G.T. En la última composición titulada Trazos para trío de cuerdas, piano y electrónica del 2019 retomé la exploración de estructuras microtonales, esta vez basadas en escalas y secuencias. La idea es continuar esa investigación con la orquesta. Además, el tema del Festival es «Stimmung» que se puede traducir como «estado de ánimo» o «atmósfera», pero también como «afinación».

TEMPO: Si bien la trayectoria de la ópera de cámara en Colombia es relativamente limitada, ¿qué posibilidades y condiciones cree usted que se requieren para hacer el montaje en Bogotá?

G.T. La realización de la obra hasta el momento ha sido basada en co-producciones del ensemble instrumental PHACE y el Ensemble Vocal de Zurich con teatros o auditorios locales y con apoyo logístico y económico de otras entidades. Esta estrategia podría funcionar en Bogotá perfectamente, aún más teniendo en cuenta la gran vitalidad del teatro en la ciudad.

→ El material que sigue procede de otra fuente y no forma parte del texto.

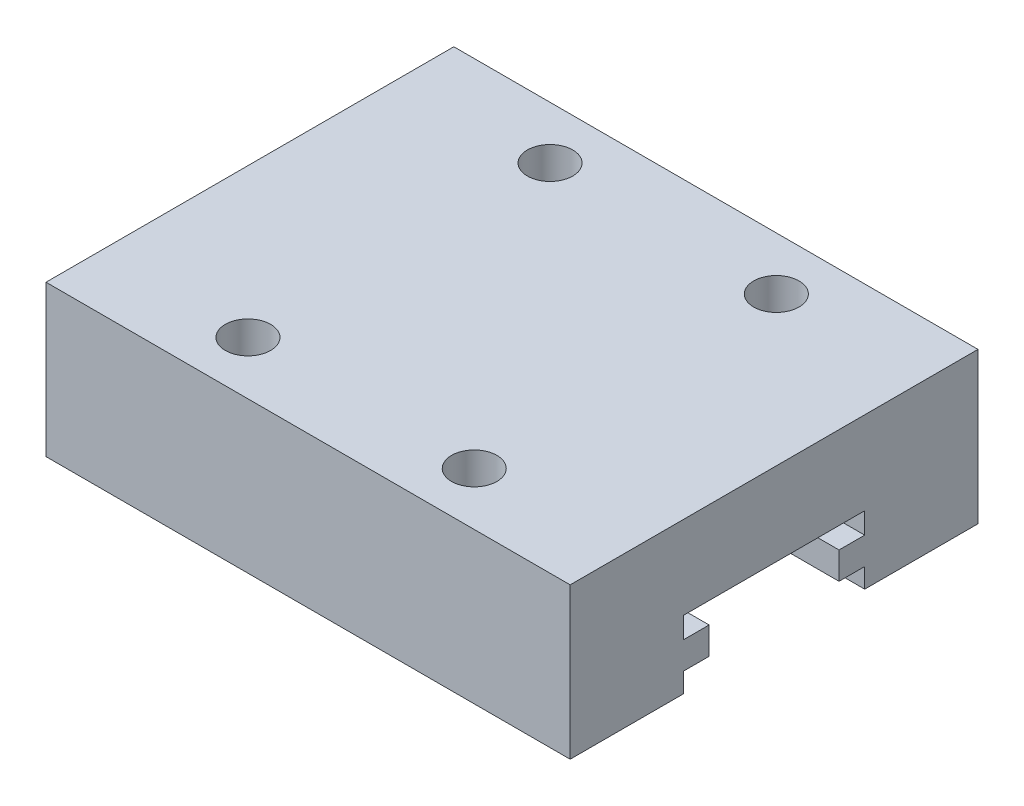
ISO-10303-21;
HEADER;
FILE_DESCRIPTION(('STEP AP214'),'2;1');
FILE_NAME('part.step','',(''),(''),'','','');
FILE_SCHEMA(('AUTOMOTIVE_DESIGN { 1 0 10303 214 1 1 1 1 }'));
ENDSEC;
DATA;
#1=APPLICATION_CONTEXT('core data for automotive mechanical design processes');
#2=APPLICATION_PROTOCOL_DEFINITION('international standard','automotive_design',2000,#1);
#3=PRODUCT_CONTEXT('',#1,'mechanical');
#4=PRODUCT('Part','Part','',(#3));
#5=PRODUCT_RELATED_PRODUCT_CATEGORY('part','',(#4));
#6=PRODUCT_DEFINITION_FORMATION('','',#4);
#7=PRODUCT_DEFINITION_CONTEXT('part definition',#1,'design');
#8=PRODUCT_DEFINITION('design','',#6,#7);
#9=PRODUCT_DEFINITION_SHAPE('','',#8);
#10=(LENGTH_UNIT() NAMED_UNIT(*) SI_UNIT(.MILLI.,.METRE.));
#11=(NAMED_UNIT(*) PLANE_ANGLE_UNIT() SI_UNIT($,.RADIAN.));
#12=(NAMED_UNIT(*) SI_UNIT($,.STERADIAN.) SOLID_ANGLE_UNIT());
#13=UNCERTAINTY_MEASURE_WITH_UNIT(LENGTH_MEASURE(1.E-05),#10,'distance_accuracy_value','');
#14=(GEOMETRIC_REPRESENTATION_CONTEXT(3) GLOBAL_UNCERTAINTY_ASSIGNED_CONTEXT((#13)) GLOBAL_UNIT_ASSIGNED_CONTEXT((#10,
#11,#12)) REPRESENTATION_CONTEXT('',''));
#15=CARTESIAN_POINT('',(0.,0.,0.));
#16=DIRECTION('',(0.,0.,1.));
#17=DIRECTION('',(1.,0.,0.));
#18=AXIS2_PLACEMENT_3D('',#15,#16,#17);
#19=CARTESIAN_POINT('',(0.,0.,0.));
#20=DIRECTION('',(0.,-1.,0.));
#21=DIRECTION('',(0.,0.,-1.));
#22=AXIS2_PLACEMENT_3D('',#19,#20,#21);
#23=PLANE('',#22);
#24=DIRECTION('',(1.,0.,0.));
#25=VECTOR('',#24,1.);
#26=CARTESIAN_POINT('',(-12.8160056179763,0.,-7.5));
#27=LINE('',#26,#25);
#28=CARTESIAN_POINT('',(0.,0.,-7.5));
#29=VERTEX_POINT('',#28);
#30=CARTESIAN_POINT('',(34.7,0.,-7.5));
#31=VERTEX_POINT('',#30);
#32=EDGE_CURVE('E192',#29,#31,#27,.T.);
#33=ORIENTED_EDGE('',*,*,#32,.T.);
#34=DIRECTION('',(0.,0.,-1.));
#35=VECTOR('',#34,1.);
#36=CARTESIAN_POINT('',(34.7,0.,0.));
#37=LINE('',#36,#35);
#38=CARTESIAN_POINT('',(34.7,0.,0.));
#39=VERTEX_POINT('',#38);
#40=EDGE_CURVE('E207',#39,#31,#37,.T.);
#41=ORIENTED_EDGE('',*,*,#40,.F.);
#42=DIRECTION('',(1.,0.,0.));
#43=VECTOR('',#42,1.);
#44=CARTESIAN_POINT('',(0.,0.,0.));
#45=LINE('',#44,#43);
#46=CARTESIAN_POINT('',(0.,0.,0.));
#47=VERTEX_POINT('',#46);
#48=EDGE_CURVE('E224',#47,#39,#45,.T.);
#49=ORIENTED_EDGE('',*,*,#48,.F.);
#50=DIRECTION('',(0.,0.,1.));
#51=VECTOR('',#50,1.);
#52=CARTESIAN_POINT('',(0.,0.,0.));
#53=LINE('',#52,#51);
#54=EDGE_CURVE('E208',#29,#47,#53,.T.);
#55=ORIENTED_EDGE('',*,*,#54,.F.);
#56=EDGE_LOOP('',(#33,#41,#49,#55));
#57=FACE_BOUND('',#56,.T.);
#58=ADVANCED_FACE('F40',(#57),#23,.T.);
#59=CARTESIAN_POINT('',(0.,10.,0.));
#60=DIRECTION('',(1.,0.,0.));
#61=DIRECTION('',(0.,0.,-1.));
#62=AXIS2_PLACEMENT_3D('',#59,#60,#61);
#63=PLANE('',#62);
#64=DIRECTION('',(0.,0.,-1.));
#65=VECTOR('',#64,1.);
#66=CARTESIAN_POINT('',(0.,1.3,-7.5));
#67=LINE('',#66,#65);
#68=CARTESIAN_POINT('',(0.,1.3,-7.5));
#69=VERTEX_POINT('',#68);
#70=CARTESIAN_POINT('',(0.,1.3,-9.2));
#71=VERTEX_POINT('',#70);
#72=EDGE_CURVE('E401',#69,#71,#67,.T.);
#73=ORIENTED_EDGE('',*,*,#72,.F.);
#74=DIRECTION('',(0.,1.,0.));
#75=VECTOR('',#74,1.);
#76=CARTESIAN_POINT('',(0.,0.,-7.5));
#77=LINE('',#76,#75);
#78=EDGE_CURVE('E267',#29,#69,#77,.T.);
#79=ORIENTED_EDGE('',*,*,#78,.F.);
#80=ORIENTED_EDGE('',*,*,#54,.T.);
#81=DIRECTION('',(0.,-1.,0.));
#82=VECTOR('',#81,1.);
#83=CARTESIAN_POINT('',(0.,10.,0.));
#84=LINE('',#83,#82);
#85=CARTESIAN_POINT('',(0.,10.,0.));
#86=VERTEX_POINT('',#85);
#87=EDGE_CURVE('E11',#86,#47,#84,.T.);
#88=ORIENTED_EDGE('',*,*,#87,.F.);
#89=DIRECTION('',(0.,0.,1.));
#90=VECTOR('',#89,1.);
#91=CARTESIAN_POINT('',(0.,10.,0.));
#92=LINE('',#91,#90);
#93=CARTESIAN_POINT('',(0.,10.,-27.));
#94=VERTEX_POINT('',#93);
#95=EDGE_CURVE('E221',#94,#86,#92,.T.);
#96=ORIENTED_EDGE('',*,*,#95,.F.);
#97=DIRECTION('',(0.,-1.,0.));
#98=VECTOR('',#97,1.);
#99=CARTESIAN_POINT('',(0.,10.,-27.));
#100=LINE('',#99,#98);
#101=CARTESIAN_POINT('',(0.,0.,-27.));
#102=VERTEX_POINT('',#101);
#103=EDGE_CURVE('E228',#94,#102,#100,.T.);
#104=ORIENTED_EDGE('',*,*,#103,.T.);
#105=CARTESIAN_POINT('',(0.,0.,-19.5));
#106=VERTEX_POINT('',#105);
#107=EDGE_CURVE('E238',#102,#106,#53,.T.);
#108=ORIENTED_EDGE('',*,*,#107,.T.);
#109=DIRECTION('',(0.,-1.,0.));
#110=VECTOR('',#109,1.);
#111=CARTESIAN_POINT('',(0.,0.,-19.5));
#112=LINE('',#111,#110);
#113=CARTESIAN_POINT('',(0.,1.3,-19.5));
#114=VERTEX_POINT('',#113);
#115=EDGE_CURVE('E59',#114,#106,#112,.T.);
#116=ORIENTED_EDGE('',*,*,#115,.F.);
#117=DIRECTION('',(0.,0.,-1.));
#118=VECTOR('',#117,1.);
#119=CARTESIAN_POINT('',(0.,1.3,-19.5));
#120=LINE('',#119,#118);
#121=CARTESIAN_POINT('',(0.,1.3,-17.8));
#122=VERTEX_POINT('',#121);
#123=EDGE_CURVE('E375',#122,#114,#120,.T.);
#124=ORIENTED_EDGE('',*,*,#123,.F.);
#125=DIRECTION('',(0.,-1.,0.));
#126=VECTOR('',#125,1.);
#127=CARTESIAN_POINT('',(0.,3.1,-17.8));
#128=LINE('',#127,#126);
#129=CARTESIAN_POINT('',(0.,3.1,-17.8));
#130=VERTEX_POINT('',#129);
#131=EDGE_CURVE('E381',#130,#122,#128,.T.);
#132=ORIENTED_EDGE('',*,*,#131,.F.);
#133=DIRECTION('',(0.,0.,1.));
#134=VECTOR('',#133,1.);
#135=CARTESIAN_POINT('',(0.,3.1,-19.5));
#136=LINE('',#135,#134);
#137=CARTESIAN_POINT('',(0.,3.1,-19.5));
#138=VERTEX_POINT('',#137);
#139=EDGE_CURVE('E388',#138,#130,#136,.T.);
#140=ORIENTED_EDGE('',*,*,#139,.F.);
#141=DIRECTION('',(0.,-1.,0.));
#142=VECTOR('',#141,1.);
#143=CARTESIAN_POINT('',(0.,3.1,-19.5));
#144=LINE('',#143,#142);
#145=CARTESIAN_POINT('',(0.,4.5,-19.5));
#146=VERTEX_POINT('',#145);
#147=EDGE_CURVE('E263',#146,#138,#144,.T.);
#148=ORIENTED_EDGE('',*,*,#147,.F.);
#149=DIRECTION('',(0.,0.,-1.));
#150=VECTOR('',#149,1.);
#151=CARTESIAN_POINT('',(0.,4.5,-7.5));
#152=LINE('',#151,#150);
#153=CARTESIAN_POINT('',(0.,4.5,-7.5));
#154=VERTEX_POINT('',#153);
#155=EDGE_CURVE('E260',#154,#146,#152,.T.);
#156=ORIENTED_EDGE('',*,*,#155,.F.);
#157=DIRECTION('',(0.,1.,0.));
#158=VECTOR('',#157,1.);
#159=CARTESIAN_POINT('',(0.,3.1,-7.5));
#160=LINE('',#159,#158);
#161=CARTESIAN_POINT('',(0.,3.1,-7.5));
#162=VERTEX_POINT('',#161);
#163=EDGE_CURVE('E262',#162,#154,#160,.T.);
#164=ORIENTED_EDGE('',*,*,#163,.F.);
#165=DIRECTION('',(0.,0.,1.));
#166=VECTOR('',#165,1.);
#167=CARTESIAN_POINT('',(0.,3.1,-7.5));
#168=LINE('',#167,#166);
#169=CARTESIAN_POINT('',(0.,3.1,-9.2));
#170=VERTEX_POINT('',#169);
#171=EDGE_CURVE('E395',#170,#162,#168,.T.);
#172=ORIENTED_EDGE('',*,*,#171,.F.);
#173=DIRECTION('',(0.,1.,0.));
#174=VECTOR('',#173,1.);
#175=CARTESIAN_POINT('',(0.,3.1,-9.2));
#176=LINE('',#175,#174);
#177=EDGE_CURVE('E398',#71,#170,#176,.T.);
#178=ORIENTED_EDGE('',*,*,#177,.F.);
#179=EDGE_LOOP('',(#73,#79,#80,#88,#96,#104,#108,#116,#124,#132,#140,#148,#156,#164,#172,#178));
#180=FACE_BOUND('',#179,.T.);
#181=ADVANCED_FACE('F42',(#180),#63,.F.);
#182=CARTESIAN_POINT('',(0.,10.,0.));
#183=DIRECTION('',(0.,0.,-1.));
#184=DIRECTION('',(-1.,0.,0.));
#185=AXIS2_PLACEMENT_3D('',#182,#183,#184);
#186=PLANE('',#185);
#187=ORIENTED_EDGE('',*,*,#48,.T.);
#188=DIRECTION('',(0.,-1.,0.));
#189=VECTOR('',#188,1.);
#190=CARTESIAN_POINT('',(34.7,10.,0.));
#191=LINE('',#190,#189);
#192=CARTESIAN_POINT('',(34.7,10.,0.));
#193=VERTEX_POINT('',#192);
#194=EDGE_CURVE('E49',#193,#39,#191,.T.);
#195=ORIENTED_EDGE('',*,*,#194,.F.);
#196=DIRECTION('',(1.,0.,0.));
#197=VECTOR('',#196,1.);
#198=CARTESIAN_POINT('',(0.,10.,0.));
#199=LINE('',#198,#197);
#200=EDGE_CURVE('E100',#86,#193,#199,.T.);
#201=ORIENTED_EDGE('',*,*,#200,.F.);
#202=ORIENTED_EDGE('',*,*,#87,.T.);
#203=EDGE_LOOP('',(#187,#195,#201,#202));
#204=FACE_BOUND('',#203,.T.);
#205=ADVANCED_FACE('F337',(#204),#186,.F.);
#206=CARTESIAN_POINT('',(34.7,10.,0.));
#207=DIRECTION('',(-1.,0.,0.));
#208=DIRECTION('',(0.,0.,1.));
#209=AXIS2_PLACEMENT_3D('',#206,#207,#208);
#210=PLANE('',#209);
#211=ORIENTED_EDGE('',*,*,#40,.T.);
#212=DIRECTION('',(0.,-1.,0.));
#213=VECTOR('',#212,1.);
#214=CARTESIAN_POINT('',(34.7,0.,-7.5));
#215=LINE('',#214,#213);
#216=CARTESIAN_POINT('',(34.7,1.3,-7.5));
#217=VERTEX_POINT('',#216);
#218=EDGE_CURVE('E189',#217,#31,#215,.T.);
#219=ORIENTED_EDGE('',*,*,#218,.F.);
#220=DIRECTION('',(0.,0.,1.));
#221=VECTOR('',#220,1.);
#222=CARTESIAN_POINT('',(34.7,1.3,-7.5));
#223=LINE('',#222,#221);
#224=CARTESIAN_POINT('',(34.7,1.3,-9.2));
#225=VERTEX_POINT('',#224);
#226=EDGE_CURVE('E211',#225,#217,#223,.T.);
#227=ORIENTED_EDGE('',*,*,#226,.F.);
#228=DIRECTION('',(0.,-1.,0.));
#229=VECTOR('',#228,1.);
#230=CARTESIAN_POINT('',(34.7,3.1,-9.2));
#231=LINE('',#230,#229);
#232=CARTESIAN_POINT('',(34.7,3.1,-9.2));
#233=VERTEX_POINT('',#232);
#234=EDGE_CURVE('E409',#233,#225,#231,.T.);
#235=ORIENTED_EDGE('',*,*,#234,.F.);
#236=DIRECTION('',(0.,0.,-1.));
#237=VECTOR('',#236,1.);
#238=CARTESIAN_POINT('',(34.7,3.1,-7.5));
#239=LINE('',#238,#237);
#240=CARTESIAN_POINT('',(34.7,3.1,-7.5));
#241=VERTEX_POINT('',#240);
#242=EDGE_CURVE('E406',#241,#233,#239,.T.);
#243=ORIENTED_EDGE('',*,*,#242,.F.);
#244=DIRECTION('',(0.,-1.,0.));
#245=VECTOR('',#244,1.);
#246=CARTESIAN_POINT('',(34.7,3.1,-7.5));
#247=LINE('',#246,#245);
#248=CARTESIAN_POINT('',(34.7,4.5,-7.5));
#249=VERTEX_POINT('',#248);
#250=EDGE_CURVE('E235',#249,#241,#247,.T.);
#251=ORIENTED_EDGE('',*,*,#250,.F.);
#252=DIRECTION('',(0.,0.,1.));
#253=VECTOR('',#252,1.);
#254=CARTESIAN_POINT('',(34.7,4.5,-7.5));
#255=LINE('',#254,#253);
#256=CARTESIAN_POINT('',(34.7,4.5,-19.5));
#257=VERTEX_POINT('',#256);
#258=EDGE_CURVE('E255',#257,#249,#255,.T.);
#259=ORIENTED_EDGE('',*,*,#258,.F.);
#260=DIRECTION('',(0.,1.,0.));
#261=VECTOR('',#260,1.);
#262=CARTESIAN_POINT('',(34.7,3.1,-19.5));
#263=LINE('',#262,#261);
#264=CARTESIAN_POINT('',(34.7,3.1,-19.5));
#265=VERTEX_POINT('',#264);
#266=EDGE_CURVE('E258',#265,#257,#263,.T.);
#267=ORIENTED_EDGE('',*,*,#266,.F.);
#268=DIRECTION('',(0.,0.,-1.));
#269=VECTOR('',#268,1.);
#270=CARTESIAN_POINT('',(34.7,3.1,-19.5));
#271=LINE('',#270,#269);
#272=CARTESIAN_POINT('',(34.7,3.1,-17.8));
#273=VERTEX_POINT('',#272);
#274=EDGE_CURVE('E276',#273,#265,#271,.T.);
#275=ORIENTED_EDGE('',*,*,#274,.F.);
#276=DIRECTION('',(0.,1.,0.));
#277=VECTOR('',#276,1.);
#278=CARTESIAN_POINT('',(34.7,3.1,-17.8));
#279=LINE('',#278,#277);
#280=CARTESIAN_POINT('',(34.7,1.3,-17.8));
#281=VERTEX_POINT('',#280);
#282=EDGE_CURVE('E272',#281,#273,#279,.T.);
#283=ORIENTED_EDGE('',*,*,#282,.F.);
#284=DIRECTION('',(0.,0.,1.));
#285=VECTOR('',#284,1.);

TEMPO: No es necesario ser un experto en música contemporánea para saber que Darmstadt fue uno de los pilares del desarrollo de la vanguardia musical desde mediados del siglo pasado por lo que es elemental reconocer la importancia que un compositor colombiano haya sido invitado a dictar un curso de composición allí. ¿Qué nos podría contar de esta experiencia?

G.T. Los cursos de verano de Darmstadt han recobrado diversidad y atractividad en la última década. En el 2012 el ICST fue invitado como Estudio en Residencia. Esto muestra la relevancia de los medios electroacústicos y visuales que son hoy parte integral de la práctica musical contemporánea. Allí tuve la oportunidad de trabajar con muchos compositores latinoamericanos de las nuevas generaciones, entre ellos varios colombianos. Hay mucha fuerza en Latinoamérica.

TEMPO: Si bien es altamente admirable su participación en Darmstadt no lo es menos su vínculo con   el Instituto para la Música por Computador y Tecnología del Sonido (ICST) de Zurich. ¿Nos podría ilustrar sobre dicha experiencia y sobre el Instituto en particular?

G.T. La experiencia al frente del ICST en los últimos 12 años ha sido muy enriquecedora. Es un centro de investigación interdisciplinario ligado a la docencia.  Además, la Universidad de Artes de Zurich reúne todas las disciplinas artísticas en el mismo campus. El auge de la investigación artística en los últimos años ha impulsado la integración de la practica artística, la investigación y la docencia. Esto es novedoso y ha influenciado profundamente el desarrollo del ICST y mi propio trabajo.

TEMPO: Puedo estar equivocado, pero me parece que usted no ha sido un visitante frecuente de Colombia. ¿Hay alguna perspectiva de una visita próxima suya en la que podamos escucharlo en vivo como expositor y compositor?

G.T. La primera parte de Viaje a Comala fue escrita en la montañas de Iguaque en el 2015. Aunque la distancia sigue siendo un obstáculo y la diminución del gasto ambiental es una responsabilidad, espero poder regresar este año y pasar allí algunas semanas trabajando en la nueva composición.